Federal Judge Orders Nunes Family Dairy To Disclose Who’s Paying For Their Legal Defense

Sibley, Iowa — The judge in a federal case brought by Congressman Devin Nunes’ family from the Sibley area against a magazine writer says the Nunes family has to show where the money is coming from for their legal counsel.

There are actually two separate lawsuits. Nunes himself filed suit against Hearst Publishing, the publishers of Esquire Magazine, in which writer Ryan Lizza wrote an article that Congressman Nunes and his family objected to, but so did the Nunes family, doing business as NuStar Farm. Among other objections, the Nunes family said that the article alleged that the dairy knowingly employed workers who were in the country illegally.

The Congressman’s suit was dismissed but an appeals court said recently that one part of it had merit, and it was re-opened.
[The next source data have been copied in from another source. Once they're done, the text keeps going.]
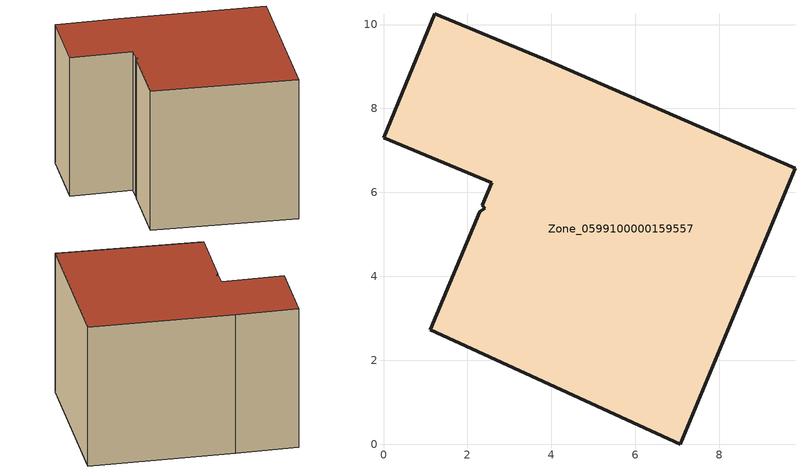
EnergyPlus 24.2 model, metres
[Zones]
Zone_0599100000159557
 floor ground (C_G): 2.29,5.54 2.41,5.62 2.35,5.69 2.58,6.23 0,7.3 1.23,10.26 3.8,9.19 9.8,6.57 7.07,0 1.12,2.72 z0
 wall outside (C_F): 3.8,9.19 1.23,10.26 0,7.3 2.58,6.23 2.35,5.69 2.41,5.62 2.29,5.54 1.12,2.72 7.07,0 9.8,6.57 3.8,9.19 z0:6.79
 roof outside (C_R): 2.41,5.62 2.29,5.54 1.12,2.72 7.07,0 9.8,6.57 3.8,9.19 1.23,10.26 0,7.3 2.58,6.23 2.35,5.69 z6.79
[BUILDING]
Pand.0599100000159557: North Axis=0; Terrain=City; Loads Convergence Tolerance Value=0.04; Temperature Convergence Tolerance Value=0.4; Solar Distribution=FullExterior; Maximum Number of Warmup Days=25; Minimum Number of Warmup Days=1
[Site:Location]
Rotterdam.The.Hague.AP_ZH_NLD Design_Conditions: Latitude=51.96; Longitude=4.45; Time Zone=1; Elevation=-4.5
[SITE:GROUNDTEMPERATURE:BUILDINGSURFACE]
18, 18, 18, 18, 18, 18, 18, 18, 18, 18, 18, 18
[MATERIAL] Thermal Absorptance=0.9; Solar Absorptance=0.7; Visible Absorptance=0.7
Name | Roughness | Thickness | Conductivity | Density | Specific Heat
G.TI.1965-1974 | MediumSmooth | 0.15 | 0.882353 | 540 | 1210
F.TI.1965-1974 | Rough | 0.3 | 0.697674 | 1920 | 840
R.TI.1965-1974 | MediumRough | 0.2 | 0.232558 | 1500 | 1000
[CONSTRUCTION]
C_G: G.TI.1965-1974
C_F: F.TI.1965-1974
C_R: R.TI.1965-1974
[ZONE]
Zone_0599100000159557: Type=1; Multiplier=1; Ceiling Height=Autocalculate; Volume=Autocalculate; Floor Area=autocalculate; Part of Total Floor Area=Yes
[ZONEINFILTRATION:DESIGNFLOWRATE]
Infil_Zone_0599100000159557: Zone or ZoneList or Space or SpaceList=Zone_0599100000159557; Schedule=AlwaysOn; Design Flow Rate Calculation Method=Flow/Area; Flow Rate per Floor Area=0.003; Constant Term Coefficient=1; Temperature Term Coefficient=0; Velocity Term Coefficient=0; Velocity Squared Term Coefficient=0
[HVACTEMPLATE:ZONE:IDEALLOADSAIRSYSTEM]
Zone_0599100000159557: Maximum Heating Supply Air Temperature=50; Minimum Cooling Supply Air Temperature=13; Maximum Heating Supply Air Humidity Ratio=0.0156; Minimum Cooling Supply Air Humidity Ratio=0.0077; Heating Limit=NoLimit; Cooling Limit=NoLimit; Dehumidification Control Type=ConstantSensibleHeatRatio; Cooling Sensible Heat Ratio=0.7; Dehumidification Setpoint=60; Humidification Control Type=None; Humidification Setpoint=30; Outdoor Air Method=None; Outdoor Air Flow Rate per Person=0.00944; Outdoor Air Flow Rate per Zone Floor Area=0; Outdoor Air Flow Rate per Zone=0; Demand Controlled Ventilation Type=None; Outdoor Air Economizer Type=NoEconomizer; Heat Recovery Type=None; Sensible Heat Recovery Effectiveness=0.7; Latent Heat Recovery Effectiveness=0.65
[ZONECONTROL:THERMOSTAT]
ThermostatControl_Zone_0599100000159557: Zone or ZoneList=Zone_0599100000159557; Control Type Schedule=DualSetpointControlType; Control 1=Thermostat_Zone_0599100000159557; Temperature Difference Between Cutout And Setpoint=0
[THERMOSTATSETPOINT:DUALSETPOINT]
Thermostat_Zone_0599100000159557: Heating Setpoint Temperature Schedule=HeatingSetpoint_Zone_0599100000159557; Cooling Setpoint Temperature Schedule=CoolingSetpoint_Zone_0599100000159557
[SCHEDULE:COMPACT]
HeatingSetpoint_Zone_0599100000159557: Through: 12/31, For: AllDays, Until: 24:00, 21
CoolingSetpoint_Zone_0599100000159557: Through: 12/31, For: AllDays, Until: 24:00, 24
DualSetpointControlType: Through: 12/31, For: AllDays, Until: 24:00, 4
AlwaysOn: Through: 12/31, For: AllDays, Until: 24:00, 1

Meanwhile, in the family’s case, United States District Judge Mark Roberts has ordered, at the suggestion of the publishing company’s attorneys, that the Nunes family and their business, NuStar Dairy LLC disclose any records that have anything to do with litigation funding.

The publishing company argues that if the Nunes legal defense is being paid by “wealthy private donors,” perhaps related to the Congressman, this raises significant constitutional concerns. They say they are concerned about the “chilling effect” of financing defamation cases. They also raise the specter of “…private figures pursuing ‘tandem libel cases’ at the behest of a public figure and avoiding the protections offered to media defendants by the requirement of proving actual malice.” While private individuals don’t have to prove actual malice in a defamation case, public figures do.

In court documents, Judge Roberts writes that the Nunes family’s “…response to the request merely objected on relevance grounds.”

The Nunes family has until Tuesday, November 2nd to produce any relevant paperwork.